───── INFORMATION GIVEN ─────

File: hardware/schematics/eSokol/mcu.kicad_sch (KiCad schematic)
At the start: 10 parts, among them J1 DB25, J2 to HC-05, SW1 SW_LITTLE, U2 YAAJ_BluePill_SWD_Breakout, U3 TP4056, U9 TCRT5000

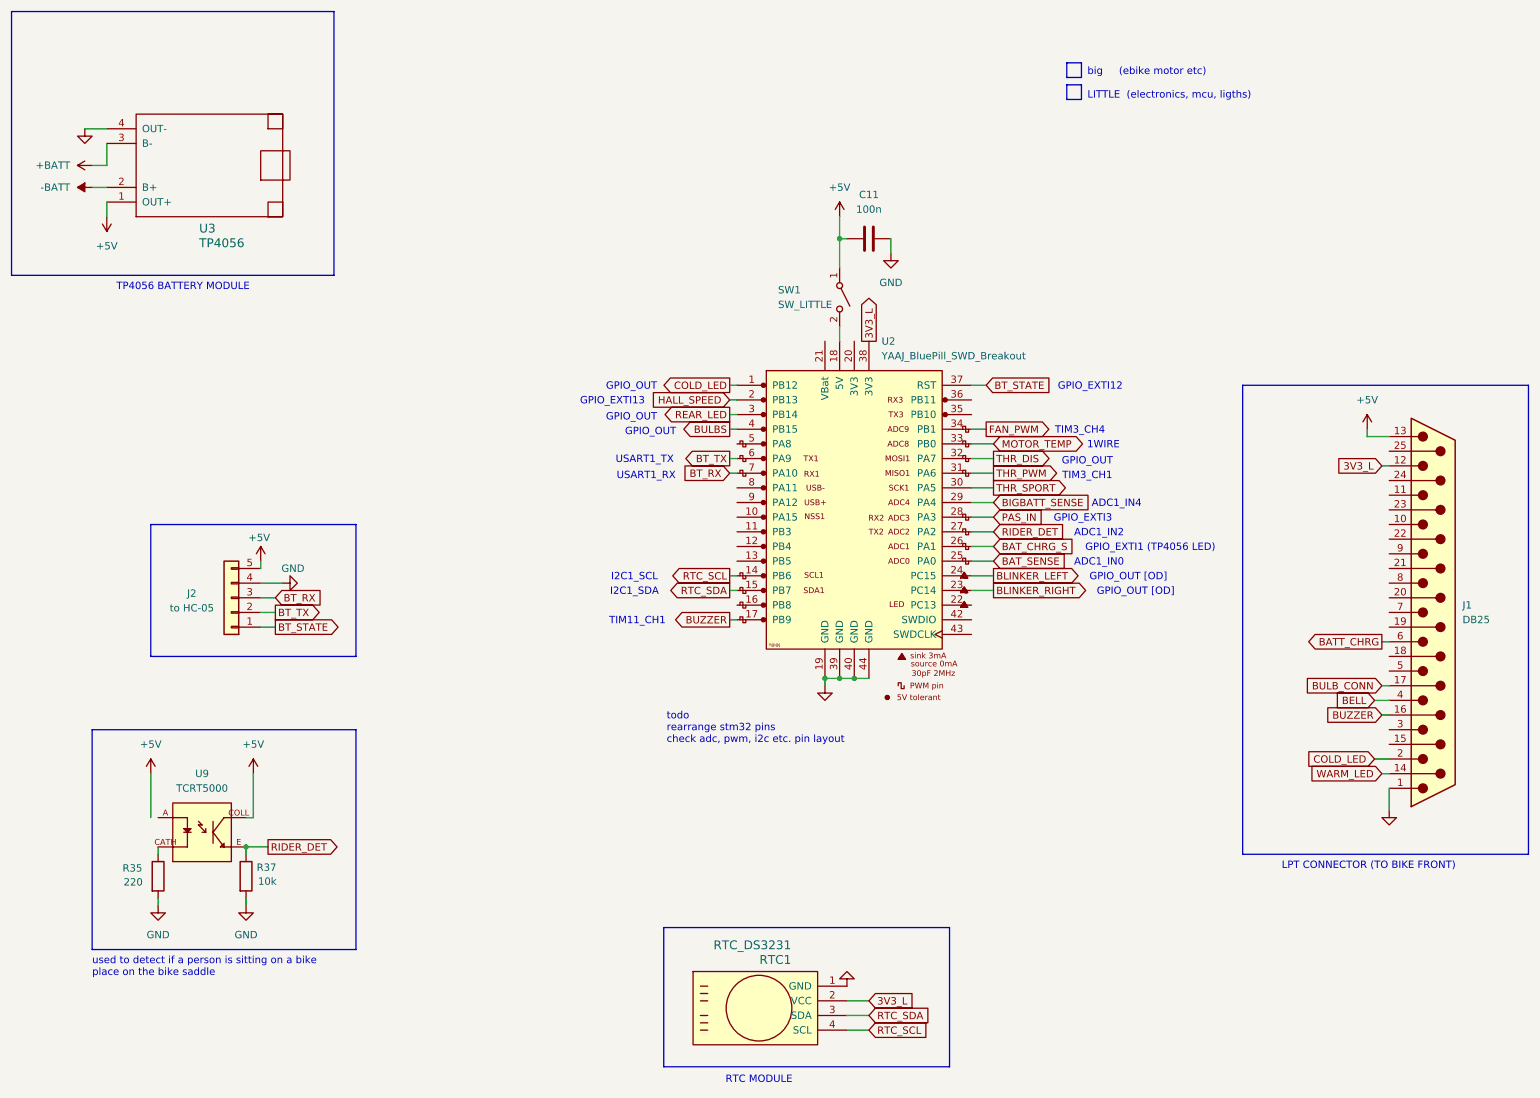
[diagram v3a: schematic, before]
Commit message: hardware/schematics: updated eSokol to reflect new features: ambient light LDR sensor and blinkers Remove old NE555-based blinkers circuit too
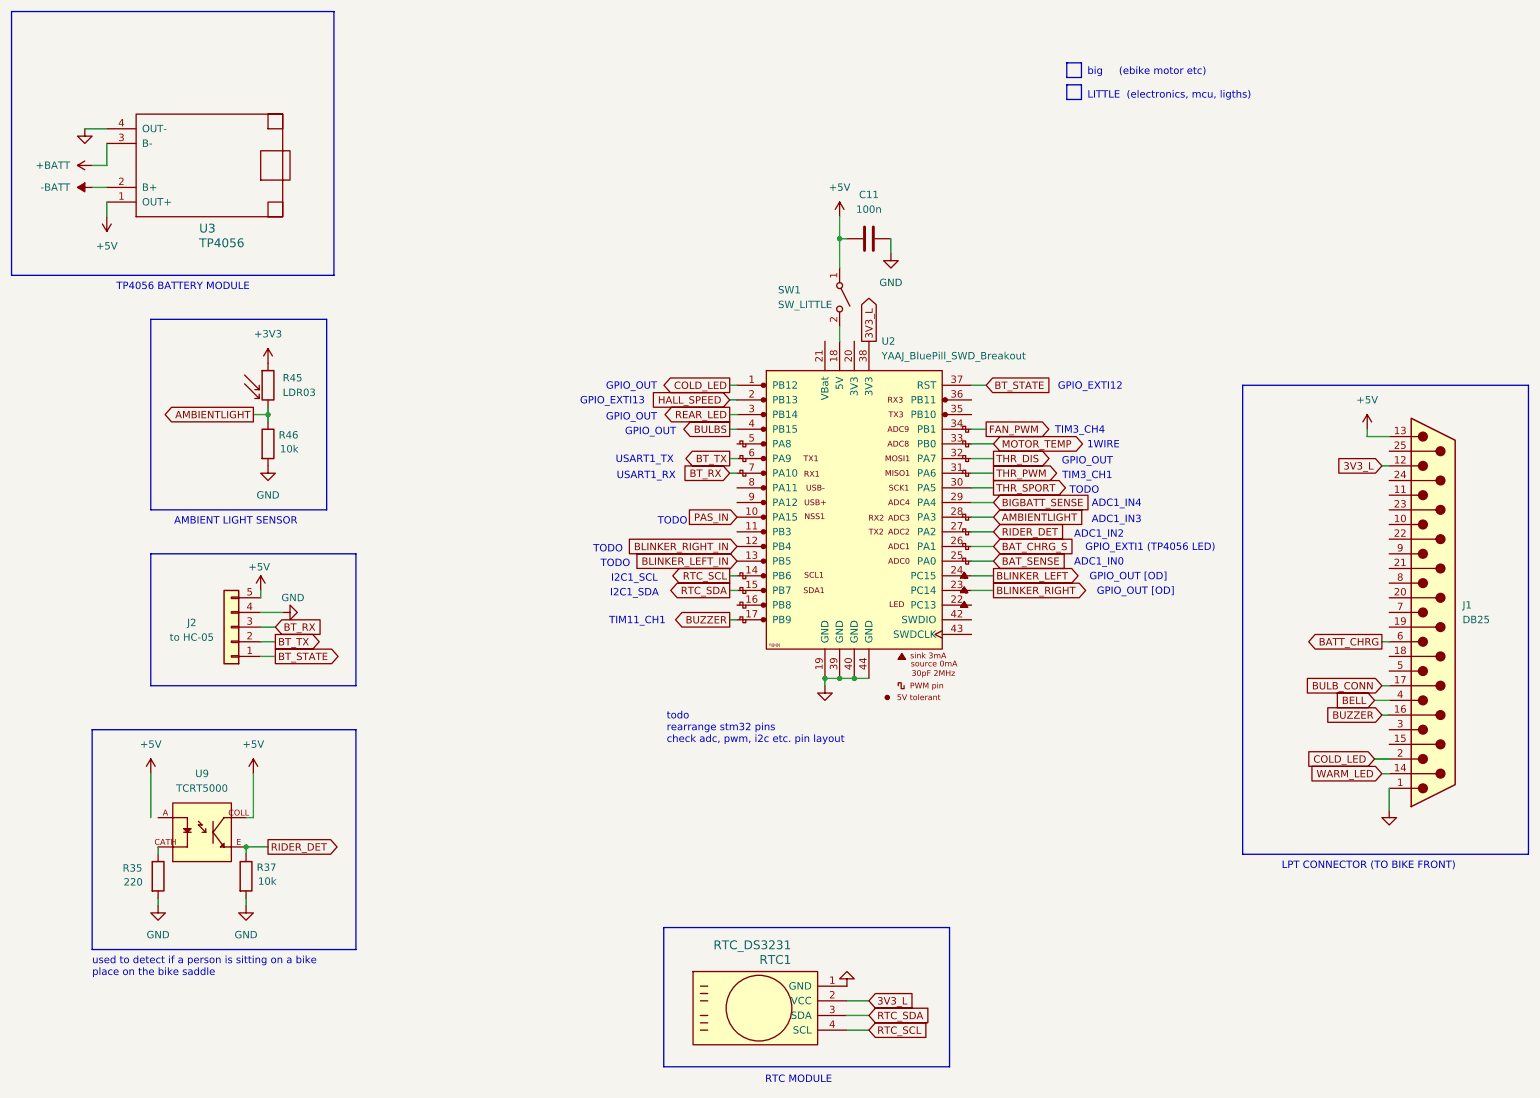
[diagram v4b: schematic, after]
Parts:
- added R45: LDR03, OptoDevice:R_LDR_10x8.5mm_P7.6mm_Vertical, symbol Sensor_Optical:LDR03
- added R46: 10k, symbol Device:R
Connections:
- net GND: now also R46.2
- net PAS_IN: now also U2.10 (PA15); no longer U2.28 (PA3)
- net BLINKER_RIGHT_IN: now reaches U2.12 (PB4)
- net BLINKER_LEFT_IN: now reaches U2.13 (PB5)
- new net +3V3: R45.1
- new net AMBIENTLIGHT: R45.2, R46.1, U2.28 (PA3)
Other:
- note added: "ADC1_IN3"
- note added: "AMBIENT LIGHT SENSOR"
- note added: "TODO"
- note removed: "GPIO_EXTI3"
- moved on the sheet: J2

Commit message: WIP: update some schematics to reflect the newest design changes
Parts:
- added R13: 10k, symbol Device:R
- added R14: R_Shunt, symbol Device:R_Shunt
- added R6: 510k, symbol Device:R
- added U5: LM358, symbol Amplifier_Operational:LM358
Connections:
- net GND: now also R13.1, R14.1
- net THR_DIS renamed THROTTLE_AIN
- net THR_SPORT: no longer names the net of U2.30 (PA5)
- new net: R14.4, U5.3 (+)
- new net: R13.2, R6.1, U5.2 (-)
- new net: R6.2, U5.1
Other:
- note added: "ADCx_INx ??"
- note added: "to lb27 (modded)"

─────

PROBLEM DETAILS
Any picture found in the data is to be skipped while the rest is copied exactly.

RESULT OF THIS EXERCISE
File: hardware/schematics/eSokol/mcu.kicad_sch (KiCad schematic)
At the start: 10 parts, among them J1 DB25, J2 to HC-05, SW1 SW_LITTLE, U2 YAAJ_BluePill_SWD_Breakout, U3 TP4056, U9 TCRT5000

[diagram v3a: schematic, before]
Commit message: hardware/schematics: updated eSokol to reflect new features: ambient light LDR sensor and blinkers Remove old NE555-based blinkers circuit too
[diagram v4b: schematic, after]
Parts:
- added R45: LDR03, OptoDevice:R_LDR_10x8.5mm_P7.6mm_Vertical, symbol Sensor_Optical:LDR03
- added R46: 10k, symbol Device:R
Connections:
- net GND: now also R46.2
- net PAS_IN: now also U2.10 (PA15); no longer U2.28 (PA3)
- net BLINKER_RIGHT_IN: now reaches U2.12 (PB4)
- net BLINKER_LEFT_IN: now reaches U2.13 (PB5)
- new net +3V3: R45.1
- new net AMBIENTLIGHT: R45.2, R46.1, U2.28 (PA3)
Other:
- note added: "ADC1_IN3"
- note added: "AMBIENT LIGHT SENSOR"
- note added: "TODO"
- note removed: "GPIO_EXTI3"
- moved on the sheet: J2

Commit message: WIP: update some schematics to reflect the newest design changes
Parts:
- added R13: 10k, symbol Device:R
- added R14: R_Shunt, symbol Device:R_Shunt
- added R6: 510k, symbol Device:R
- added U5: LM358, symbol Amplifier_Operational:LM358
Connections:
- net GND: now also R13.1, R14.1
- net THR_DIS renamed THROTTLE_AIN
- net THR_SPORT: no longer names the net of U2.30 (PA5)
- new net: R14.4, U5.3 (+)
- new net: R13.2, R6.1, U5.2 (-)
- new net: R6.2, U5.1
Other:
- note added: "ADCx_INx ??"
- note added: "to lb27 (modded)"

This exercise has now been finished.